- Interactive map of the 919 Milam area

General information
- Status: Completed
- Type: Office
- Location: 919 Milam Street or 910 Travis, Houston, Texas
- Coordinates: 29°45′30″N 95°21′58″W﻿ / ﻿29.7582°N 95.3661°W
- Completed: 1956
- Owner: M-M Properties of Fort Worth

Technical details
- Floor count: 24

Design and construction
- Architect: Kenneth Franzheim

= 919 Milam =

919 Milam is a building in Downtown Houston, Texas completed in 1956. The building has been previously named 909 Travis, Bank One Center, and the Bank of the Southwest Building. The building occupies the entire block bounded by Milam, McKinney, Travis, and Walker streets. Ownership of the building has changed hands several times over the last twenty years.

==History==
Bank of the Southwest hired Kenneth Franzheim to design the 24-story building which was constructed between 1953 and 1956. The building was the first in Houston with a shell composed of an "all-aluminum curtain-wall," and was the first of three buildings in Downtown Houston to be networked in the first phase of a pedestrian tunnel system.
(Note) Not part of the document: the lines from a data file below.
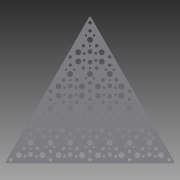
# Autodesk Inventor part: grid16-lightpipe
Saved by Autodesk Inventor 2013 (Build 170138000, 138)
## iProperties
Created: 2013-03-05
Part Number: grid16-lightpipe
Material: Generic
Document SubType Name: Modeling
Designer: Beth Scott
Density: 1 g/cm^3
Author: Beth Scott
Autodesk Inventor part; units mm, degrees
(part 1 of 2)
ref_plane "YZ Plane" through (0, 0, 0) normal (1, 0, 0) x (0, 1, 0)
ref_plane "XZ Plane" through (0, 0, 0) normal (0, 1, 0) x (-1, 0, 0)
ref_plane "XY Plane" through (0, 0, 0) normal (0, 0, 1) x (1, 0, 0)
sketch "Triangle 1mm" plane through (0, 0, 0) normal (0, 0, 1) x (1, 0, 0)
  line L0 (0, 0) -> (16.6665, 28.8672) construction
  line L1 (16.6665, 28.8672) -> (33.333, 0) construction
  line L2 (33.333, 0) -> (0, 0) construction
  line L3 (33.333, 0) -> (8.3332, 14.4336) construction
  line L4 (0, 0) -> (24.9997, 14.4336) construction
  line L5 (16.6665, 28.8672) -> (16.6665, 0) construction
  line L6 (0, 14.4336) -> (33.333, 14.4336) construction
  line L7 (0, 19.4336) -> (33.333, 19.4336) construction
  line L8 (0, 9.4336) -> (33.333, 9.4336) construction
  line L9 (16.6665, 19.4336) -> (16.6665, 14.4336) construction
  line L10 (16.6665, 14.4336) -> (16.6665, 9.4336) construction
  circle A0 centre (16.6665, 14.4336) radius 2.5
  circle A1 centre (16.6665, 14.4336) radius 14.4336 construction
  circle A2 centre (6.7821, 3.9156) radius 2.5
  circle A3 centre (26.5509, 3.9156) radius 2.5
  circle A4 centre (16.6665, 14.4336) radius 10 construction
  circle A5 centre (16.6665, 4.4336) radius 2
  circle A6 centre (16.6665, 14.4336) radius 7.5 construction
  circle A7 centre (11.0763, 9.4336) radius 1.5
  circle A8 centre (22.2567, 9.4336) radius 1.5
  circle A9 centre (16.6665, 9.4336) radius 1
  circle A10 centre (16.6665, 21.9336) radius 1.5
  circle A11 centre (16.6665, 14.4336) radius 5 construction
  line L11 (5.4465, 9.4336) -> (22.2567, 19.4336) construction
  line L12 (27.8865, 9.4336) -> (11.0763, 19.4336) construction
  circle A12 centre (20.046, 18.1186) radius 1
  circle A13 centre (13.287, 18.1186) radius 1
  circle A14 centre (16.6665, 14.4336) radius 12.5 construction
  circle A15 centre (21.5432, 2.9241) radius 1.25
  circle A16 centre (11.7898, 2.9241) radius 1.25
  line L13 (16.6665, 4.4336) -> (21.5432, 2.9241) construction
  line L14 (21.5432, 2.9241) -> (26.5509, 3.9156) construction
  line L15 (6.7821, 3.9156) -> (11.7898, 2.9241) construction
  line L16 (11.7898, 2.9241) -> (16.6665, 4.4336) construction
  circle A17 centre (0, 0) radius 2.75 construction
  circle A18 centre (33.333, 0) radius 2.75 construction
  circle A19 centre (16.6665, 28.8672) radius 2.75 construction
  point P0 (16.9666, 9.7956)
  dimension "d55" = 20
  dimension "d14" = 33.333
  dimension "d31" = 10
  dimension "d43" = 5
  dimension "d54" = 5
  dimension "d56" = 4
  dimension "d57" = 15
  dimension "d58" = 3
  dimension "d59" = 2
  dimension "d60" = 25
  dimension "d61" = 2.5
  dimension "d64" = 5.5
  measures "d14" distance of L1.end L0.start
  measures "d31" distance of L8.start L7.start
  measures "d43" diameter of A0
  measures "d54" diameter of A2
  measures "d56" diameter of A5
  measures "d57" diameter of A6
  measures "d58" diameter of A7
  measures "d59" diameter of A9
  measures "d60" diameter of A14
  measures "d61" diameter of A15
  measures "d64" diameter of A17
sketch "Tri16 1mm" plane through (0, 0, 0) normal (0, 0, 1) x (1, 0, 0)
  line L0 (0, 0) -> (16.6665, 28.8672) construction
  line L1 (16.6665, 28.8672) -> (33.333, 0) construction
  line L2 (33.333, 0) -> (0, 0) construction
  line L3 (33.333, 0) -> (8.3333, 14.4336) construction
  line L4 (0, 0) -> (24.9998, 14.4336) construction
  line L5 (16.6665, 28.8672) -> (16.6665, 0) construction
  line L6 (0, 14.4336) -> (33.333, 14.4336) construction
  line L7 (0, 19.4336) -> (33.333, 19.4336) construction
  line L8 (0, 9.4336) -> (33.333, 9.4336) construction
  line L9 (16.6665, 19.4336) -> (16.6665, 14.4336) construction
  line L10 (16.6665, 14.4336) -> (16.6665, 9.4336) construction
  circle A0 centre (16.6665, 14.4336) radius 2.5
  circle A1 centre (16.6665, 14.4336) radius 14.4336 construction
  circle A2 centre (6.7821, 3.9156) radius 2.5
  circle A3 centre (26.5509, 3.9156) radius 2.5
  circle A4 centre (16.6665, 14.4336) radius 10 construction
  circle A5 centre (16.6665, 4.4336) radius 2
  circle A6 centre (16.6665, 14.4336) radius 7.5 construction
  circle A7 centre (11.0763, 9.4336) radius 1.5
  circle A8 centre (22.2567, 9.4336) radius 1.5
  circle A9 centre (16.6665, 9.4336) radius 1
  circle A10 centre (16.6665, 21.9336) radius 1.5
  circle A11 centre (16.6665, 14.4336) radius 5 construction
  line L11 (5.4465, 9.4336) -> (22.2567, 19.4336) construction
  line L12 (27.8865, 9.4336) -> (11.0763, 19.4336) construction
  circle A12 centre (20.046, 18.1186) radius 1
  circle A13 centre (13.287, 18.1186) radius 1
  circle A14 centre (16.6665, 14.4336) radius 12.5 construction
  circle A15 centre (21.5432, 2.9241) radius 1.25
  circle A16 centre (11.7898, 2.9241) radius 1.25
  line L13 (16.6665, 4.4336) -> (21.5432, 2.9241) construction
  line L14 (21.5432, 2.9241) -> (26.5509, 3.9156) construction
  line L15 (6.7821, 3.9156) -> (11.7898, 2.9241) construction
  line L16 (11.7898, 2.9241) -> (16.6665, 4.4336) construction
  circle A17 centre (0, 0) radius 2.75 construction
  circle A18 centre (33.333, 0) radius 2.75 construction
  circle A19 centre (16.6665, 28.8672) radius 2.75 construction
  line L17 (33.333, 0) -> (49.9995, 28.8672) construction
  line L18 (49.9995, 28.8672) -> (66.666, 0) construction
  line L19 (66.666, 0) -> (33.333, 0) construction
  line L20 (66.666, 0) -> (41.6663, 14.4336) construction
  line L21 (33.333, 0) -> (58.3328, 14.4336) construction
  line L22 (49.9995, 28.8672) -> (49.9995, 0) construction
  line L23 (33.333, 14.4336) -> (66.666, 14.4336) construction
  line L24 (33.333, 19.4336) -> (66.666, 19.4336) construction
  line L25 (33.333, 9.4336) -> (66.666, 9.4336) construction
  line L26 (49.9995, 19.4336) -> (49.9995, 14.4336) construction
  line L27 (49.9995, 14.4336) -> (49.9995, 9.4336) construction
  circle A20 centre (49.9995, 14.4336) radius 2.5
  circle A21 centre (49.9995, 14.4336) radius 14.4336 construction
  circle A22 centre (40.1151, 3.9156) radius 2.5
  circle A23 centre (59.8839, 3.9156) radius 2.5
  circle A24 centre (49.9995, 14.4336) radius 10 construction
  circle A25 centre (49.9995, 4.4336) radius 2
  circle A26 centre (49.9995, 14.4336) radius 7.5 construction
  circle A27 centre (44.4093, 9.4336) radius 1.5
  circle A28 centre (55.5897, 9.4336) radius 1.5
  circle A29 centre (49.9995, 9.4336) radius 1
  circle A30 centre (49.9995, 21.9336) radius 1.5
  circle A31 centre (49.9995, 14.4336) radius 5 construction
  line L28 (38.7795, 9.4336) -> (55.5897, 19.4336) construction
  line L29 (61.2195, 9.4336) -> (44.4093, 19.4336) construction
  circle A32 centre (53.379, 18.1186) radius 1
  circle A33 centre (46.62, 18.1186) radius 1
  circle A34 centre (49.9995, 14.4336) radius 12.5 construction
  circle A35 centre (54.8762, 2.9241) radius 1.25
  circle A36 centre (45.1228, 2.9241) radius 1.25
  line L30 (49.9995, 4.4336) -> (54.8762, 2.9241) construction
  line L31 (54.8762, 2.9241) -> (59.8839, 3.9156) construction
  line L32 (40.1151, 3.9156) -> (45.1228, 2.9241) construction
  line L33 (45.1228, 2.9241) -> (49.9995, 4.4336) construction
  circle A37 centre (33.333, 0) radius 2.75 construction
  circle A38 centre (66.666, 0) radius 2.75 construction
  circle A39 centre (49.9995, 28.8672) radius 2.75 construction
  line L34 (49.9995, 28.8672) -> (33.333, 0) construction
  line L35 (33.333, 0) -> (16.6665, 28.8672) construction
  line L36 (16.6665, 28.8672) -> (49.9995, 28.8672) construction
  line L37 (16.6665, 28.8672) -> (41.6663, 14.4336) construction
  line L38 (49.9995, 28.8672) -> (24.9998, 14.4336) construction
  line L39 (33.333, 0) -> (33.333, 28.8672) construction
  line L40 (49.9995, 14.4336) -> (16.6665, 14.4336) construction
  line L41 (49.9995, 9.4336) -> (16.6665, 9.4336) construction
  line L42 (49.9995, 19.4336) -> (16.6665, 19.4336) construction
  line L43 (33.333, 9.4336) -> (33.333, 14.4336) construction
  line L44 (33.333, 14.4336) -> (33.333, 19.4336) construction
  circle A40 centre (33.333, 14.4336) radius 2.5
  circle A41 centre (33.333, 14.4336) radius 14.4336 construction
  circle A42 centre (43.2174, 24.9516) radius 2.5
  circle A43 centre (23.4486, 24.9516) radius 2.5
  circle A44 centre (33.333, 14.4336) radius 10 construction
  circle A45 centre (33.333, 24.4336) radius 2
  circle A46 centre (33.333, 14.4336) radius 7.5 construction
  circle A47 centre (38.9232, 19.4336) radius 1.5
  circle A48 centre (27.7428, 19.4336) radius 1.5
  circle A49 centre (33.333, 19.4336) radius 1
  circle A50 centre (33.333, 6.9336) radius 1.5
  circle A51 centre (33.333, 14.4336) radius 5 construction
  line L45 (44.553, 19.4336) -> (27.7428, 9.4336) construction
  line L46 (22.113, 19.4336) -> (38.9232, 9.4336) construction
  circle A52 centre (29.9535, 10.7487) radius 1
  circle A53 centre (36.7125, 10.7487) radius 1
  circle A54 centre (33.333, 14.4336) radius 12.5 construction
  circle A55 centre (28.4563, 25.9431) radius 1.25
  circle A56 centre (38.2097, 25.9431) radius 1.25
  line L47 (33.333, 24.4336) -> (28.4563, 25.9431) construction
  line L48 (28.4563, 25.9431) -> (23.4486, 24.9516) construction
  line L49 (43.2174, 24.9516) -> (38.2097, 25.9431) construction
  line L50 (38.2097, 25.9431) -> (33.333, 24.4336) construction
  circle A57 centre (49.9995, 28.8672) radius 2.75 construction
  circle A58 centre (16.6665, 28.8672) radius 2.75 construction
  circle A59 centre (33.333, 0) radius 2.75 construction
  line L51 (83.3325, 28.8672) -> (66.666, 0) construction
  line L52 (66.666, 0) -> (49.9995, 28.8672) construction
  line L53 (49.9995, 28.8672) -> (83.3325, 28.8672) construction
  line L54 (49.9995, 28.8672) -> (74.9993, 14.4336) construction
  line L55 (83.3325, 28.8672) -> (58.3328, 14.4336) construction
  line L56 (66.666, 0) -> (66.666, 28.8672) construction
  line L57 (83.3325, 14.4336) -> (49.9995, 14.4336) construction
  line L58 (83.3325, 9.4336) -> (49.9995, 9.4336) construction
  line L59 (83.3325, 19.4336) -> (49.9995, 19.4336) construction
  line L60 (66.666, 9.4336) -> (66.666, 14.4336) construction
  line L61 (66.666, 14.4336) -> (66.666, 19.4336) construction
  circle A60 centre (66.666, 14.4336) radius 2.5
  circle A61 centre (66.666, 14.4336) radius 14.4336 construction
  circle A62 centre (76.5504, 24.9516) radius 2.5
  circle A63 centre (56.7816, 24.9516) radius 2.5
  circle A64 centre (66.666, 14.4336) radius 10 construction
  circle A65 centre (66.666, 24.4336) radius 2
  circle A66 centre (66.666, 14.4336) radius 7.5 construction
  circle A67 centre (72.2562, 19.4336) radius 1.5
  circle A68 centre (61.0758, 19.4336) radius 1.5
  circle A69 centre (66.666, 19.4336) radius 1
  circle A70 centre (66.666, 6.9336) radius 1.5
  circle A71 centre (66.666, 14.4336) radius 5 construction
  line L62 (77.886, 19.4336) -> (61.0758, 9.4336) construction
  line L63 (55.446, 19.4336) -> (72.2562, 9.4336) construction
  circle A72 centre (63.2865, 10.7487) radius 1
  circle A73 centre (70.0455, 10.7487) radius 1
  circle A74 centre (66.666, 14.4336) radius 12.5 construction
  circle A75 centre (61.7893, 25.9431) radius 1.25
  circle A76 centre (71.5427, 25.9431) radius 1.25
  line L64 (66.666, 24.4336) -> (61.7893, 25.9431) construction
  line L65 (61.7893, 25.9431) -> (56.7816, 24.9516) construction
  line L66 (76.5504, 24.9516) -> (71.5427, 25.9431) construction
  line L67 (71.5427, 25.9431) -> (66.666, 24.4336) construction
  circle A77 centre (83.3325, 28.8672) radius 2.75 construction
  circle A78 centre (49.9995, 28.8672) radius 2.75 construction
  circle A79 centre (66.666, 0) radius 2.75 construction
  line L68 (66.666, 0) -> (83.3325, 28.8672) construction
  line L69 (83.3325, 28.8672) -> (99.999, 0) construction
  line L70 (99.999, 0) -> (66.666, 0) construction
  line L71 (99.999, 0) -> (74.9993, 14.4336) construction
  line L72 (66.666, 0) -> (91.6658, 14.4336) construction
  line L73 (83.3325, 28.8672) -> (83.3325, 0) construction
  line L74 (66.666, 14.4336) -> (99.999, 14.4336) construction
  line L75 (66.666, 19.4336) -> (99.999, 19.4336) construction
  line L76 (66.666, 9.4336) -> (99.999, 9.4336) construction
  line L77 (83.3325, 19.4336) -> (83.3325, 14.4336) construction
  line L78 (83.3325, 14.4336) -> (83.3325, 9.4336) construction
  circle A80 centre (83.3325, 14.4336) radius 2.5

The bank commissioned Florence Knoll to design its lobby, which featured a mural by Rufino Tamayo. The bank commissioned the 13 x 45-foot painting America in 1955 and sold it to a private collector in 1993. The 735000 sqft Bank of the Southwest Building was completed in 1956.

Aetna Insurance sold the building to Transworld Properties in 1994 for $28 million. In 1996, the owners of the Bank One Plaza released Koll Real Estate from its management contract and hired PM Realty to manage the building. On November 4, 1998, Transworld sold the building to a partnership owned by Goldman Sachs and Lincoln Property. At the time of that sale, the building, then known as Bank One Center, was ninety percent leased. Three of its major tenants were Bank One, PM Realty, and the United States District Attorney's office. In 1998 the building was 90% leased with the headquarters of PM Realty, Bank One, and the U.S. attorney's office as major tenants. Transworld Oil and its subsidiary, Transworld Properties, occupied the top two floors in 1998. Transworld Properties, which owned the building, sold it to Lincoln/-Whitehall for about $68 million during that year.

The Hines company owned 919 Milam as part of a joint venture with the California Public Employees' Retirement System for a period of less than two years prior to 2007. During that year 919 Milam was 77.5% leased. Its largest tenants were the Coronado Club, the district attorney's office, and Johnson, Spalding, Doyle, West & Trent, a law firm. In 2010 the building went back to its lender through a deed, as opposed to being foreclosed. Transwestern Investment Company acquired the building (known as 919 Milam) in 2007 for over $100 million. During the two years the Hines partnership had owned the building, it spent $11 million to renovate the lobby and built a 300-stall parking garage within the lower floors, decreasing leasable space from 735,000 square feet to 542,000 square feet.

The United States District Court for the Southern District of Texas located its offices in the building in 2009.

In 2010, M-M Properties of Fort Worth, Texas led a partnership to purchase 919 Milam for $56 million in cash. M-M Properties, the owner of record as of 2013, listed the property for sale. The building includes 543,000 square feet of leasable space, 94 percent of which was occupied as of January 2013. M-M Properties invested $3.2 million to renovate the main and elevator lobbies, improve access to restrooms for person with disabilities, and replace roofing. Another $16 million had been invested in the building since 2006 by previous owners. The building attained a Silver certification by Leadership in Energy and Environmental Design (LEED).